== RECORDS TO USE ==

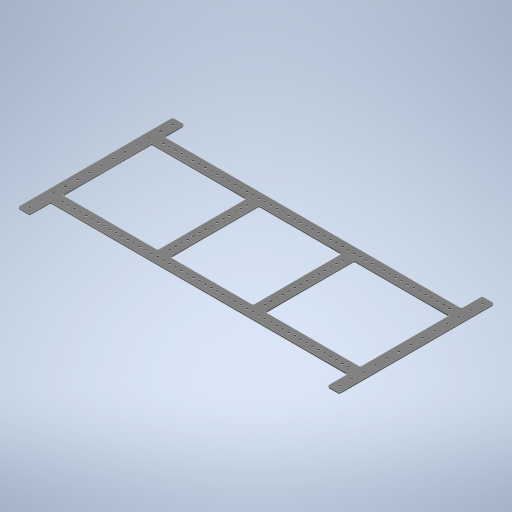
# Autodesk Inventor part: 27in_2_0 H_support
Saved by Autodesk Inventor 2023 (Build 270158000, 158)
## iProperties
Created: 2023-11-06
Part Number: 27in_2_0 H_support
Material: Aluminum 6061
Document SubType Name: Modeling
Designer: robotics
Density: 2.7 g/cm^3
Appearance: Smooth - Black
Mass: 477.924 g
Surface Area: 1334.04 cm^2
Volume: 177.009 cm^3
Author: robotics
Autodesk Inventor part; units mm, degrees
ref_plane "YZ Plane" through (0, 0, 0) normal (1, 0, 0) x (0, 1, 0)
ref_plane "XZ Plane" through (0, 0, 0) normal (0, 1, 0) x (-1, 0, 0)
ref_plane "XY Plane" through (0, 0, 0) normal (0, 0, 1) x (1, 0, 0)
sketch "Sketch1" plane through (0, 0, 0) normal (0, 1, 0) x (-1, 0, 0)
  line L0 (0, 0) -> (0, -330.2)
  line L1 (0, -330.2) -> (-25.4, -330.2)
  line L2 (-25.4, -330.2) -> (-25.4, -285.75)
  line L3 (-25.4, -285.75) -> (-660.4, -285.75)
  line L4 (-660.4, -285.75) -> (-660.4, -330.2)
  line L5 (-660.4, -330.2) -> (-685.8, -330.2)
  line L6 (-685.8, -330.2) -> (-685.8, 0)
  line L7 (-685.8, 0) -> (-660.4, 0)
  line L8 (-660.4, 0) -> (-660.4, -44.45)
  line L9 (-660.4, -44.45) -> (-25.4, -44.45)
  line L10 (-25.4, -44.45) -> (-25.4, 0)
  line L11 (-25.4, 0) -> (0, 0)
  line L12 (-25.4, -69.85) -> (-228.6, -69.85)
  line L13 (-228.6, -69.85) -> (-228.6, -260.35)
  line L14 (-228.6, -260.35) -> (-25.4, -260.35)
  line L15 (-25.4, -260.35) -> (-25.4, -69.85)
  line L16 (-254, -69.85) -> (-431.8, -69.85)
  line L17 (-431.8, -69.85) -> (-431.8, -260.35)
  line L18 (-431.8, -260.35) -> (-254, -260.35)
  line L19 (-254, -260.35) -> (-254, -69.85)
  line L20 (-457.2, -69.85) -> (-660.4, -69.85)
  line L21 (-660.4, -69.85) -> (-660.4, -260.35)
  line L22 (-660.4, -260.35) -> (-457.2, -260.35)
  line L23 (-457.2, -260.35) -> (-457.2, -69.85)
  circle A0 centre (-12.7, -12.7) radius 2.8067
  circle A1 centre (-12.7, -38.1) radius 2.8067
  circle A2 centre (-12.7, -63.5) radius 2.8067
  circle A3 centre (-12.7, -88.9) radius 2.8067
  circle A4 centre (-12.7, -114.3) radius 2.8067
  circle A5 centre (-12.7, -139.7) radius 2.8067
  circle A6 centre (-12.7, -165.1) radius 2.8067
  circle A7 centre (-12.7, -190.5) radius 2.8067
  circle A8 centre (-12.7, -215.9) radius 2.8067
  circle A9 centre (-12.7, -241.3) radius 2.8067
  circle A10 centre (-12.7, -266.7) radius 2.8067
  circle A11 centre (-12.7, -292.1) radius 2.8067
  circle A12 centre (-12.7, -317.5) radius 2.8067
  line L24 (-342.9, -69.85) -> (-342.9, -260.35) construction
  line L25 (-342.9, -165.1) -> (-25.4, -165.1) construction
  circle A13 centre (-38.1, -57.15) radius 2.8067
  circle A14 centre (-50.8, -57.15) radius 2.8067
  circle A15 centre (-63.5, -57.15) radius 2.8067
  circle A16 centre (-76.2, -57.15) radius 2.8067
  circle A17 centre (-88.9, -57.15) radius 2.8067
  circle A18 centre (-101.6, -57.15) radius 2.8067
  circle A19 centre (-114.3, -57.15) radius 2.8067
  circle A20 centre (-127, -57.15) radius 2.8067
  circle A21 centre (-139.7, -57.15) radius 2.8067
  circle A22 centre (-152.4, -57.15) radius 2.8067
  circle A23 centre (-165.1, -57.15) radius 2.8067
  circle A24 centre (-177.8, -57.15) radius 2.8067
  circle A25 centre (-190.5, -57.15) radius 2.8067
  circle A26 centre (-203.2, -57.15) radius 2.8067
  circle A27 centre (-215.9, -57.15) radius 2.8067
  circle A28 centre (-228.6, -57.15) radius 2.8067
  circle A29 centre (-241.3, -57.15) radius 2.8067
  circle A30 centre (-254, -57.15) radius 2.8067
  circle A31 centre (-266.7, -57.15) radius 2.8067
  circle A32 centre (-279.4, -57.15) radius 2.8067
  circle A33 centre (-292.1, -57.15) radius 2.8067
  circle A34 centre (-304.8, -57.15) radius 2.8067
  circle A35 centre (-317.5, -57.15) radius 2.8067
  circle A36 centre (-330.2, -57.15) radius 2.8067
  circle A37 centre (-342.9, -57.15) radius 2.8067
  circle A38 centre (-355.6, -57.15) radius 2.8067
  circle A39 centre (-368.3, -57.15) radius 2.8067
  circle A40 centre (-381, -57.15) radius 2.8067
  circle A41 centre (-393.7, -57.15) radius 2.8067
  circle A42 centre (-406.4, -57.15) radius 2.8067
  circle A43 centre (-419.1, -57.15) radius 2.8067
  circle A44 centre (-431.8, -57.15) radius 2.8067
  circle A45 centre (-444.5, -57.15) radius 2.8067
  circle A46 centre (-457.2, -57.15) radius 2.8067
  circle A47 centre (-469.9, -57.15) radius 2.8067
  circle A48 centre (-482.6, -57.15) radius 2.8067
  circle A49 centre (-495.3, -57.15) radius 2.8067
  circle A50 centre (-508, -57.15) radius 2.8067
  circle A51 centre (-520.7, -57.15) radius 2.8067
  circle A52 centre (-533.4, -57.15) radius 2.8067
  circle A53 centre (-546.1, -57.15) radius 2.8067
  circle A54 centre (-558.8, -57.15) radius 2.8067
  circle A55 centre (-571.5, -57.15) radius 2.8067
  circle A56 centre (-584.2, -57.15) radius 2.8067
  circle A57 centre (-596.9, -57.15) radius 2.8067
  circle A58 centre (-609.6, -57.15) radius 2.8067
  circle A59 centre (-622.3, -57.15) radius 2.8067
  circle A60 centre (-635, -57.15) radius 2.8067
  circle A61 centre (-647.7, -57.15) radius 2.8067
  circle A62 centre (-241.3, -82.55) radius 2.8067
  circle A63 centre (-241.3, -95.25) radius 2.8067
  circle A64 centre (-241.3, -107.95) radius 2.8067
  circle A65 centre (-241.3, -120.65) radius 2.8067
  circle A66 centre (-241.3, -133.35) radius 2.8067
  circle A67 centre (-241.3, -146.05) radius 2.8067
  circle A68 centre (-241.3, -158.75) radius 2.8067
  circle A69 centre (-241.3, -171.45) radius 2.8067
  circle A70 centre (-241.3, -184.15) radius 2.8067
  circle A71 centre (-241.3, -196.85) radius 2.8067
  circle A72 centre (-241.3, -209.55) radius 2.8067
  circle A73 centre (-241.3, -222.25) radius 2.8067
  circle A74 centre (-241.3, -234.95) radius 2.8067
  circle A75 centre (-241.3, -247.65) radius 2.8067
  circle A76 centre (-673.1, -12.7) radius 2.8067
  circle A77 centre (-673.1, -38.1) radius 2.8067
  circle A78 centre (-673.1, -63.5) radius 2.8067
  circle A79 centre (-673.1, -88.9) radius 2.8067
  circle A80 centre (-673.1, -114.3) radius 2.8067
  circle A81 centre (-673.1, -139.7) radius 2.8067
  circle A82 centre (-673.1, -165.1) radius 2.8067
  circle A83 centre (-673.1, -190.5) radius 2.8067
  circle A84 centre (-673.1, -215.9) radius 2.8067
  circle A85 centre (-673.1, -241.3) radius 2.8067
  circle A86 centre (-673.1, -266.7) radius 2.8067
  circle A87 centre (-673.1, -292.1) radius 2.8067
  circle A88 centre (-673.1, -317.5) radius 2.8067
  circle A89 centre (-444.5, -82.55) radius 2.8067
  circle A90 centre (-444.5, -95.25) radius 2.8067
  circle A91 centre (-444.5, -107.95) radius 2.8067
  circle A92 centre (-444.5, -120.65) radius 2.8067
  circle A93 centre (-444.5, -133.35) radius 2.8067
  circle A94 centre (-444.5, -146.05) radius 2.8067
  circle A95 centre (-444.5, -158.75) radius 2.8067
  circle A96 centre (-444.5, -171.45) radius 2.8067
  circle A97 centre (-444.5, -184.15) radius 2.8067
  circle A98 centre (-444.5, -196.85) radius 2.8067
  circle A99 centre (-444.5, -209.55) radius 2.8067
  circle A100 centre (-444.5, -222.25) radius 2.8067
  circle A101 centre (-444.5, -234.95) radius 2.8067
  circle A102 centre (-444.5, -247.65) radius 2.8067
  circle A103 centre (-38.1, -273.05) radius 2.8067
  circle A104 centre (-50.8, -273.05) radius 2.8067
  circle A105 centre (-63.5, -273.05) radius 2.8067
  circle A106 centre (-76.2, -273.05) radius 2.8067
  circle A107 centre (-88.9, -273.05) radius 2.8067
  circle A108 centre (-101.6, -273.05) radius 2.8067
  circle A109 centre (-114.3, -273.05) radius 2.8067
  circle A110 centre (-127, -273.05) radius 2.8067
  circle A111 centre (-139.7, -273.05) radius 2.8067
  circle A112 centre (-152.4, -273.05) radius 2.8067
  circle A113 centre (-165.1, -273.05) radius 2.8067
  circle A114 centre (-177.8, -273.05) radius 2.8067
  circle A115 centre (-190.5, -273.05) radius 2.8067
  circle A116 centre (-203.2, -273.05) radius 2.8067
  circle A117 centre (-215.9, -273.05) radius 2.8067
  circle A118 centre (-228.6, -273.05) radius 2.8067
  circle A119 centre (-241.3, -273.05) radius 2.8067
  circle A120 centre (-254, -273.05) radius 2.8067
  circle A121 centre (-266.7, -273.05) radius 2.8067
  circle A122 centre (-279.4, -273.05) radius 2.8067
  circle A123 centre (-292.1, -273.05) radius 2.8067
  circle A124 centre (-304.8, -273.05) radius 2.8067
  circle A125 centre (-317.5, -273.05) radius 2.8067
  circle A126 centre (-330.2, -273.05) radius 2.8067
  circle A127 centre (-342.9, -273.05) radius 2.8067
  circle A128 centre (-355.6, -273.05) radius 2.8067
  circle A129 centre (-368.3, -273.05) radius 2.8067
  circle A130 centre (-381, -273.05) radius 2.8067
  circle A131 centre (-393.7, -273.05) radius 2.8067
  circle A132 centre (-406.4, -273.05) radius 2.8067
  circle A133 centre (-419.1, -273.05) radius 2.8067
  circle A134 centre (-431.8, -273.05) radius 2.8067
  circle A135 centre (-444.5, -273.05) radius 2.8067
  circle A136 centre (-457.2, -273.05) radius 2.8067
  circle A137 centre (-469.9, -273.05) radius 2.8067
  circle A138 centre (-482.6, -273.05) radius 2.8067
  circle A139 centre (-495.3, -273.05) radius 2.8067
  circle A140 centre (-508, -273.05) radius 2.8067
  circle A141 centre (-520.7, -273.05) radius 2.8067
  circle A142 centre (-533.4, -273.05) radius 2.8067
  circle A143 centre (-546.1, -273.05) radius 2.8067
  circle A144 centre (-558.8, -273.05) radius 2.8067
  circle A145 centre (-571.5, -273.05) radius 2.8067
  circle A146 centre (-584.2, -273.05) radius 2.8067
  circle A147 centre (-596.9, -273.05) radius 2.8067
  circle A148 centre (-609.6, -273.05) radius 2.8067
  circle A149 centre (-622.3, -273.05) radius 2.8067
  circle A150 centre (-635, -273.05) radius 2.8067
  circle A151 centre (-647.7, -273.05) radius 2.8067
  dimension "d0" = 25.4
  dimension "d1" = 25.4
  dimension "d2" = 25.4
  dimension "d3" = 25.4
  dimension "d4" = 25.4
  dimension "d5" = 25.4
  dimension "d6" = 203.2
  dimension "d7" = 203.2
  dimension "d8" = 685.8
  dimension "d9" = 190.5
  dimension "d10" = 330.2
  dimension "d11" = 12.7
  dimension "d12" = 12.7
  dimension "d13" = 5.6134
  dimension "d16" = 25.4
  dimension "d21" = 12.7
  dimension "d22" = 12.7
  dimension "d25" = 12.7
  dimension "d30" = 12.7
  dimension "d31" = 12.7
  dimension "d34" = 12.7
  constraints: 152 centre point, 76 symmetric about line, 52 end point, 12 perpendicular, 10 point on line, 6 parallel, 4 horizontal, 4 horizontal alignment, 4 midpoint, 3 vertical, 2 equal length, 2 equal radius, 2 vertical alignment, 1 coincident, 222 other
  measures "d0" distance of L6.end L7.end
  measures "d1" distance of L10.end L0.start
  measures "d2" distance between parallel lines of L14 L3
  measures "d3" distance between parallel lines of L9 L12
  measures "d4" distance between parallel lines of L19 L13
  measures "d5" distance between parallel lines of L23 L17
  measures "d6" distance from line of L25.end L13
  measures "d7" distance between parallel lines of L21 L23
  measures "d8" distance between parallel lines of L6 L0
  measures "d9" distance between parallel lines of L12 L14
  measures "d10" distance of L0.start L0.end
  measures "d11" distance from line of A0.centre L0
  measures "d12" distance from line of A0.centre L11
  measures "d13" diameter of A0
  measures "d16" distance of A0.centre A1.centre
  measures "d21" distance from line of A13.centre L12
  measures "d22" horizontal distance of A13.centre L12.start
  measures "d25" distance of A13.centre A14.centre
  measures "d30" horizontal distance of A62.centre L12.end
  measures "d31" distance from line of L13 A62.centre
  measures "d34" distance of A62.centre A63.centre
extrude "Extrusion1" add sketch "Sketch1" along normal blind 3.175
fillet "Fillet1" radius 3.175 24 edges at (25.4, 1.5875, -260.35) (25.4, 1.5875, -69.85) (228.6, 1.5875, -69.85) (228.6, 1.5875, -260.35) (25.4, 1.5875, -285.75) (25.4, 1.5875, -44.45) (254, 1.5875, -260.35) (254, 1.5875, -69.85) (431.8, 1.5875, -69.85) (431.8, 1.5875, -260.35) (457.2, 1.5875, -69.85) (660.4, 1.5875, -69.85) (660.4, 1.5875, -260.35) (457.2, 1.5875, -260.35) (660.4, 1.5875, -285.75) (660.4, 1.5875, -44.45) (660.4, 1.5875, 0) (685.8, 1.5875, 0) (685.8, 1.5875, -330.2) (660.4, 1.5875, -330.2) (0, 1.5875, -330.2) (25.4, 1.5875, -330.2) (0, 1.5875, 0) (25.4, 1.5875, 0)
body "Solid1"

== WHAT YOU SHOULD DO ==
In the records above, how many lines contain the word "sketch"? State only the number.

== SOLUTION TO THE EXERCISE ==
2